> SUPPLIED DATA
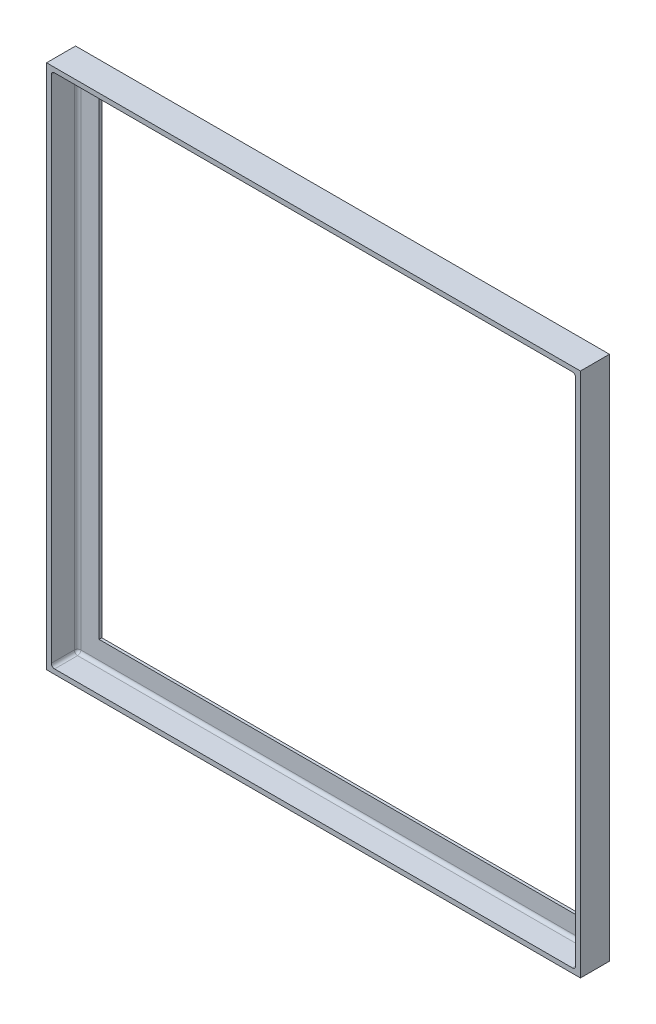
from build123d import *

# Parameters (mm, degrees)
SKETCH1_W        = 515.9375
SKETCH1_H        = 508
SKETCH1_W_2      = 465.1375
SKETCH1_H_2      = 457.2
EXTRUSION1_DEPTH = 2.65684
SKETCH2_W        = 515.9375
SKETCH2_H        = 508
SKETCH2_W_2      = 506.766296236
SKETCH2_H_2      = 498.828796236
EXTRUSION2_DEPTH = 25.4
FILLET1_R        = 3.175


with BuildPart() as part:
    # Sketch1 → Extrusion1 (new body)
    with BuildSketch(Plane.XY):
        Rectangle(SKETCH1_W, SKETCH1_H)
        Rectangle(SKETCH1_W_2, SKETCH1_H_2, mode=Mode.SUBTRACT)
    extrude(amount=EXTRUSION1_DEPTH)

    # Sketch2 → Extrusion2 (add)
    with BuildSketch(Plane.XY.offset(2.65684)):
        Rectangle(SKETCH2_W, SKETCH2_H)
        Rectangle(SKETCH2_W_2, SKETCH2_H_2, mode=Mode.SUBTRACT)
    extrude(amount=EXTRUSION2_DEPTH)

    # Fillet1
    fillet1_edges = [part.edges().sort_by_distance(p)[0] for p in [
        (-253.383148118, -249.414398118, 15.35684),
        (-253.383148118, 249.414398118, 15.35684),
        (253.383148118, 249.414398118, 15.35684),
        (253.383148118, -249.414398118, 15.35684),
        (-253.383148118, 0, 2.65684),
        (0, -249.414398118, 2.65684),
        (253.383148118, 0, 2.65684),
        (0, 249.414398118, 2.65684),
    ]]
    fillet(fillet1_edges, radius=FILLET1_R)


solid = part.part

> WHAT NEEDS TO BE DONE
Repeat the data above exactly, images excluded.

> YOUR RESPONSE
from build123d import *

# Parameters (mm, degrees)
SKETCH1_W        = 515.9375
SKETCH1_H        = 508
SKETCH1_W_2      = 465.1375
SKETCH1_H_2      = 457.2
EXTRUSION1_DEPTH = 2.65684
SKETCH2_W        = 515.9375
SKETCH2_H        = 508
SKETCH2_W_2      = 506.766296236
SKETCH2_H_2      = 498.828796236
EXTRUSION2_DEPTH = 25.4
FILLET1_R        = 3.175


with BuildPart() as part:
    # Sketch1 → Extrusion1 (new body)
    with BuildSketch(Plane.XY):
        Rectangle(SKETCH1_W, SKETCH1_H)
        Rectangle(SKETCH1_W_2, SKETCH1_H_2, mode=Mode.SUBTRACT)
    extrude(amount=EXTRUSION1_DEPTH)

    # Sketch2 → Extrusion2 (add)
    with BuildSketch(Plane.XY.offset(2.65684)):
        Rectangle(SKETCH2_W, SKETCH2_H)
        Rectangle(SKETCH2_W_2, SKETCH2_H_2, mode=Mode.SUBTRACT)
    extrude(amount=EXTRUSION2_DEPTH)

    # Fillet1
    fillet1_edges = [part.edges().sort_by_distance(p)[0] for p in [
        (-253.383148118, -249.414398118, 15.35684),
        (-253.383148118, 249.414398118, 15.35684),
        (253.383148118, 249.414398118, 15.35684),
        (253.383148118, -249.414398118, 15.35684),
        (-253.383148118, 0, 2.65684),
        (0, -249.414398118, 2.65684),
        (253.383148118, 0, 2.65684),
        (0, 249.414398118, 2.65684),
    ]]
    fillet(fillet1_edges, radius=FILLET1_R)


solid = part.part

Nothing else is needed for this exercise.